# The data
⁂

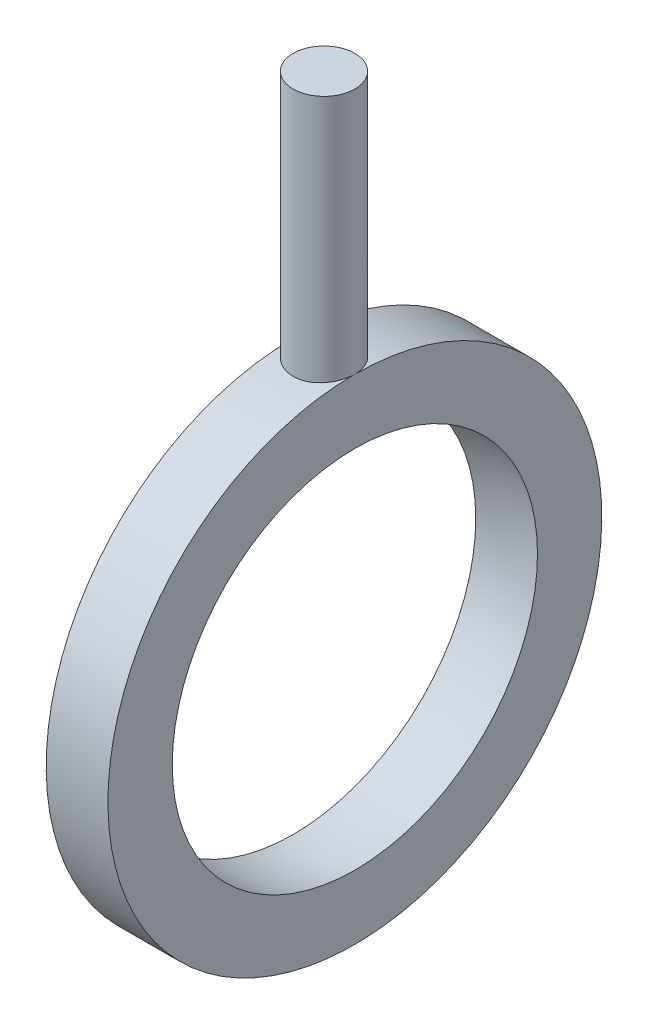
SolidWorks part; units mm, degrees
ref_plane "Front Plane" through (0, 0, 0) normal (0, 0, 1) x (1, 0, 0)
ref_plane "Top Plane" through (0, 0, 0) normal (0, 1, 0) x (1, 0, 0)
ref_plane "Right Plane" through (0, 0, 0) normal (1, 0, 0) x (0, 0, -1)
sketch "Sketch1" plane through (0, 0, 0) normal (0, 0, 1) x (1, 0, 0)
  line L0 (0, 0) -> (0, 20) construction
  line L1 (0, 20) -> (6.642, 20) construction
  line L2 (-2.5, 20) -> (2.5, 20)
  line L3 (2.5, 20) -> (2.5, 10.3308) construction
  line L4 (2.5, 10.3308) -> (-2.5, 10.3308) construction
  line L5 (-2.5, 10.3308) -> (-2.5, 20) construction
  line L6 (-2.5, 20) -> (-2.5, 14.7902)
  line L7 (2.5, 20) -> (2.5, 14.7902)
  line L8 (0, 0) -> (15, 0) construction
  circle A2 centre (0, 0) radius 15 construction
  arc A3 (-2.5, 14.7902) -> (2.5, 14.7902) centre (0, 0) cw
  point P8 (0, 20)
  dimension "D1" = 20
  dimension "D2" = 5
revolve "Revolve1" add sketch "Sketch1" angle 360 about L8
ref_plane "Plane1" through (0, 40, 0) normal (0, 1, 0) x (1, 0, 0)
sketch "Sketch3" plane through (0, 40, 0) normal (0, 1, 0) x (1, 0, 0)
  circle A0 centre (0, 0) radius 2.5
extrude "Boss-Extrude2" add sketch "Sketch3" against normal up to surface (20.1569 mm away)

⁂

Collect every line with the string "normal" from the records, and copy each.

ref_plane "Front Plane" through (0, 0, 0) normal (0, 0, 1) x (1, 0, 0)
ref_plane "Top Plane" through (0, 0, 0) normal (0, 1, 0) x (1, 0, 0)
ref_plane "Right Plane" through (0, 0, 0) normal (1, 0, 0) x (0, 0, -1)
sketch "Sketch1" plane through (0, 0, 0) normal (0, 0, 1) x (1, 0, 0)
ref_plane "Plane1" through (0, 40, 0) normal (0, 1, 0) x (1, 0, 0)
sketch "Sketch3" plane through (0, 40, 0) normal (0, 1, 0) x (1, 0, 0)
extrude "Boss-Extrude2" add sketch "Sketch3" against normal up to surface (20.1569 mm away)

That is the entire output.